Shown in studies at Tuffs University to benefit both short-term memory and coordination, blueberries pack quite a punch in a tiny blue package.[2]

When compared to other fruits and veggies, blueberries were found to have the highest amount of antioxidants (especially flavonoids), but strawberries, raspberries, and blackberries are also full of brain benefits.

3. Tomatoes

Tomatoes are packed full of the antioxidant lycopene, which has shown to help protect against free-radical damage most notably seen in dementia patients.

4. Broccoli

While all green veggies are important and rich in antioxidants and vitamin C, broccoli is a superfood even among these healthy choices.

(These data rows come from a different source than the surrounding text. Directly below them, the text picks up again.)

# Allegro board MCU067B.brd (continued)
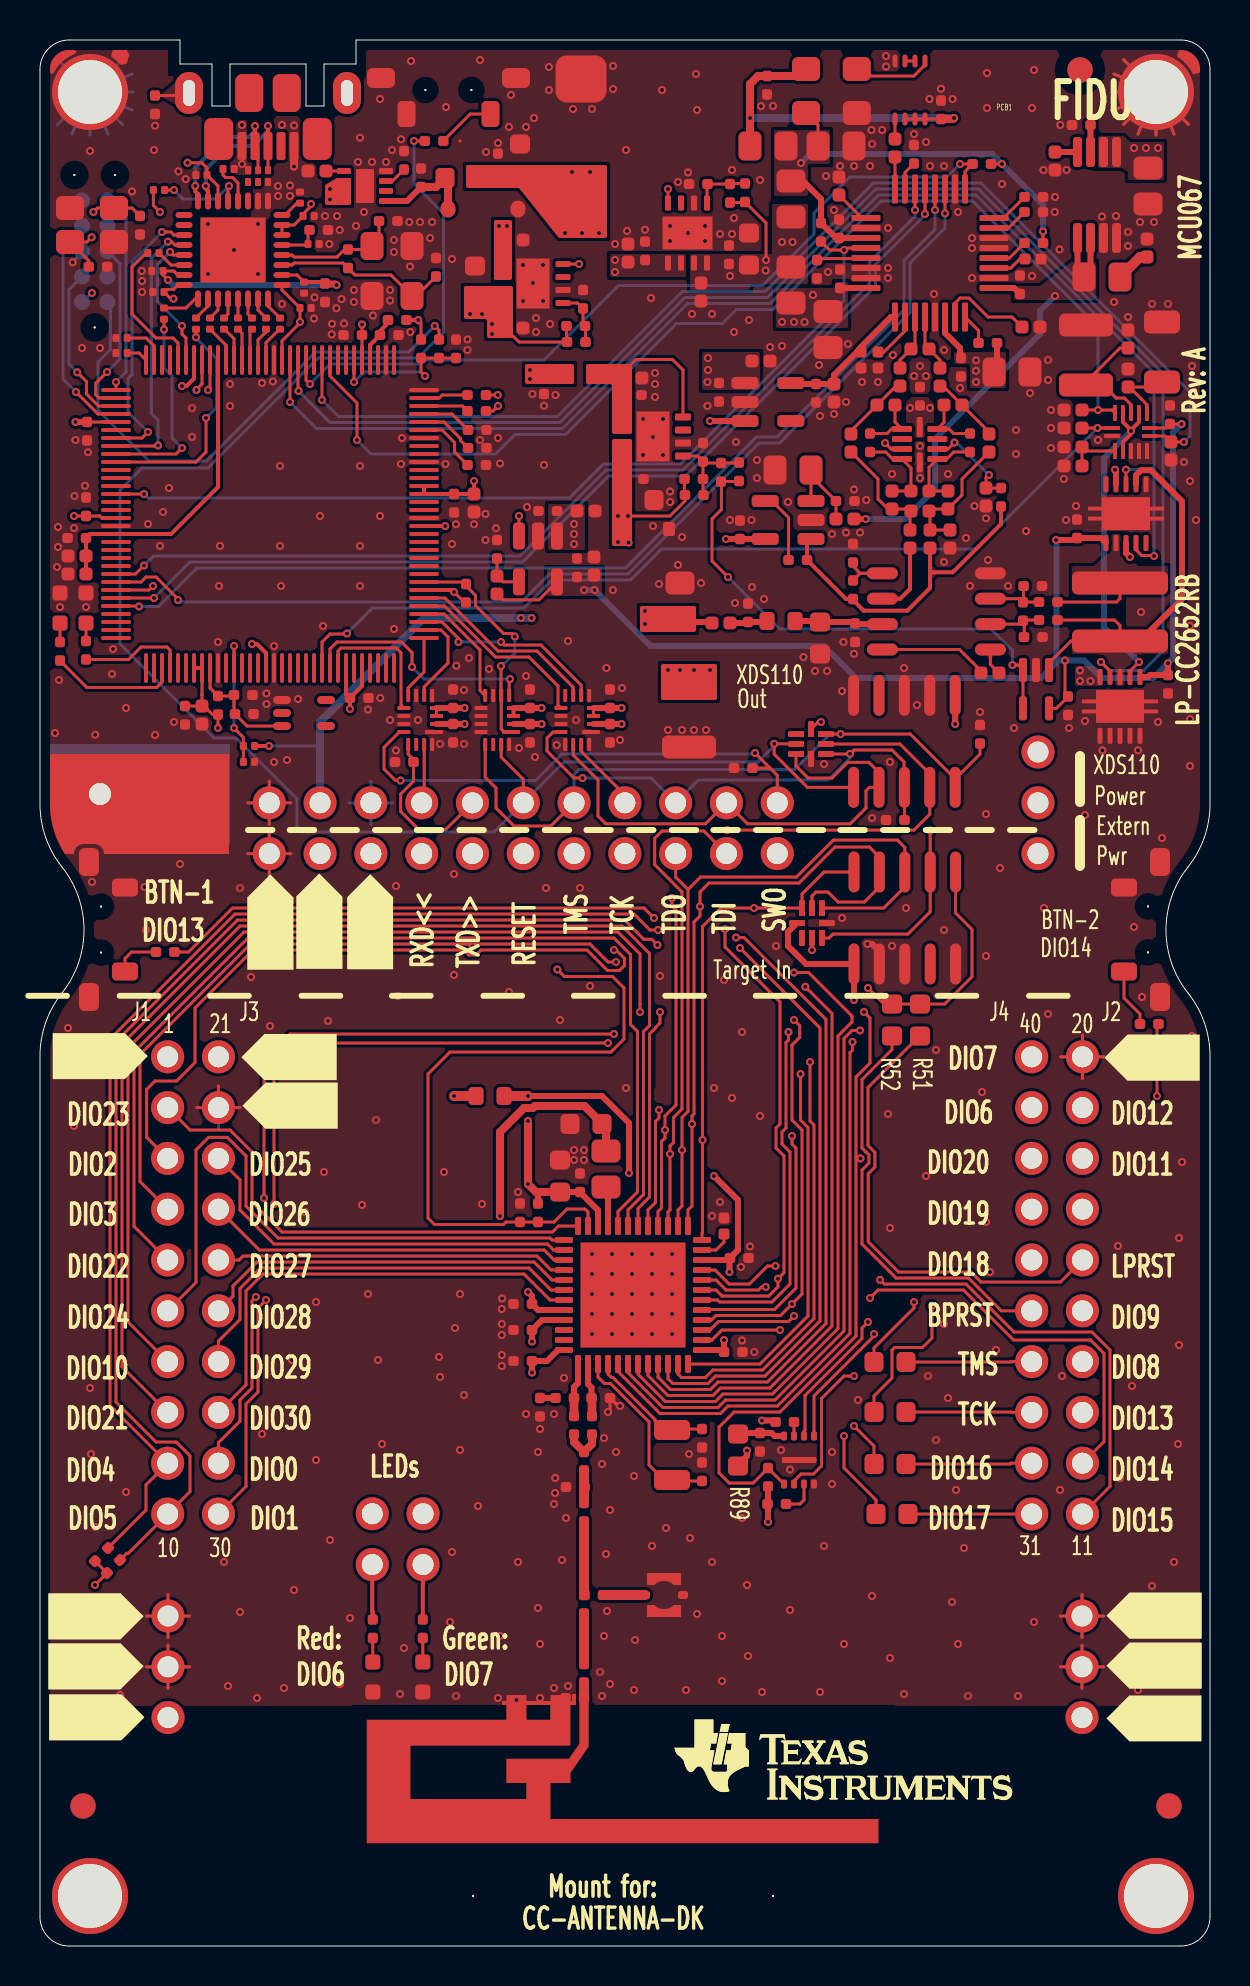
[diagram p0: board, top side]
## Routing (per net, layer and track width the routed paths; a pad name or vN(x,y) marks a point on that pad's centre or on a via; arc(x,y) is an arc through that point) (continued)
  L3 w0.5: 16.7,43.2 16.54,43.36 P4.18 ; 16.7,43.2 18.19,43.2 18.89,42.5 v1(20.7,42.5) 25.5,47.3 v1(40.7,47.3) 46.1,47.3 ; 16.7,43.2 7.64,43.2 J1.1 1.9,39.98 1.9,18.9 v1(2.75,18.05) ; 46.1,47.3 48.5,49.7 48.5,53.22 P10.3 ; 46.1,47.3 51.9,47.3 57.75,41.45 57.75,17.07 P1.1
XDS_RESET: length 11.5
  TOP w0.15: U5.40 21.2,68.2 R58.1 21.3,68.01 21.78,67.53 21.78,67.02 23.17,65.63 23.59,65.63 v1(23.74,65.48) ; U10.1 23.21,60.7 23.06,60.85 U10.6 23.05,62.54 v1(23.05,64)
  BOTTOM w0.15: v1(23.05,64) 23.1,64 23.74,64.64 v1(23.74,65.48)
XDS_RESET_LS: length 86.8
  TOP w0.15: R57.2 v1(18.7,90.25) ; P4.11 24.16,58.34 23.06,59.44 U10.15 ; 40.68,57.93 38.37,57.93 36.71,59.59 v1(36.71,60.11) 37.79,60.11 CR7.2
  BOTTOM w0.15: v1(18.7,90.25) 18.7,88.1 20.18,86.62 20.18,80.68 18.9,79.4 13.9,79.4 8.4,73.9 5.1,73.9 4,72.8 4,65.1 8.7,60.4 9.8,60.4 12.84,57.36 12.84,55.96 13.1,55.7 22.7,55.7 P4.11 26.2,59.2 35.9,59.2 36.71,60 v1(36.71,60.11)
XDS_RX: length 3.2
  TOP w0.15: U5.33 19.2,63.7 18.41,62.91 U8.8
XDS_RX_LS: length 8.2
  TOP w0.15: P4.13 20.29,55.83 18.93,55.83 18.03,56.73 18.03,57.6 18.67,58.24 R61.2 18.67,59.33 18.41,59.59 U8.13
XDS_SWO: length 7
  TOP w0.15: U8.9 18.05,62.05 18.05,64.66 17.81,64.9 15.05,64.9 14.9,64.75 U5.25
XDS_SWO_LS: length 25.6
  TOP w0.15: R62.2 36.5,58.9 ; 36.5,58.9 v1(35.75,59.65) ; 36.5,58.9 36.86,58.54 P4.1 ; U8.12 17.97,60.7 17.2,59.93 17.2,58.85 17.78,58.27 v1(18.03,58.27)
  BOTTOM w0.15: v1(35.75,59.65) 35.7,59.6 26.1,59.6 24.78,58.27 v1(18.03,58.27)
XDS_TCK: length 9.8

Since your brain uses so much fuel (it’s only 3% of your body weight but uses up to 17% of your energy), it is more vulnerable to free-radical damage and antioxidants help eliminate this threat.

Broccoli is packed full of antioxidants, is well-known as a powerful cancer fighter and is also full of vitamin K, which is known to enhance cognitive function.

5. Foods Rich in Essential Fatty Acids

Your brain is the fattest organ (not counting the skin) in the human body, and is composed of 60% fat. That means that your brain needs essential fatty acids like DHA and EPA to repair and build up synapses associated with memory.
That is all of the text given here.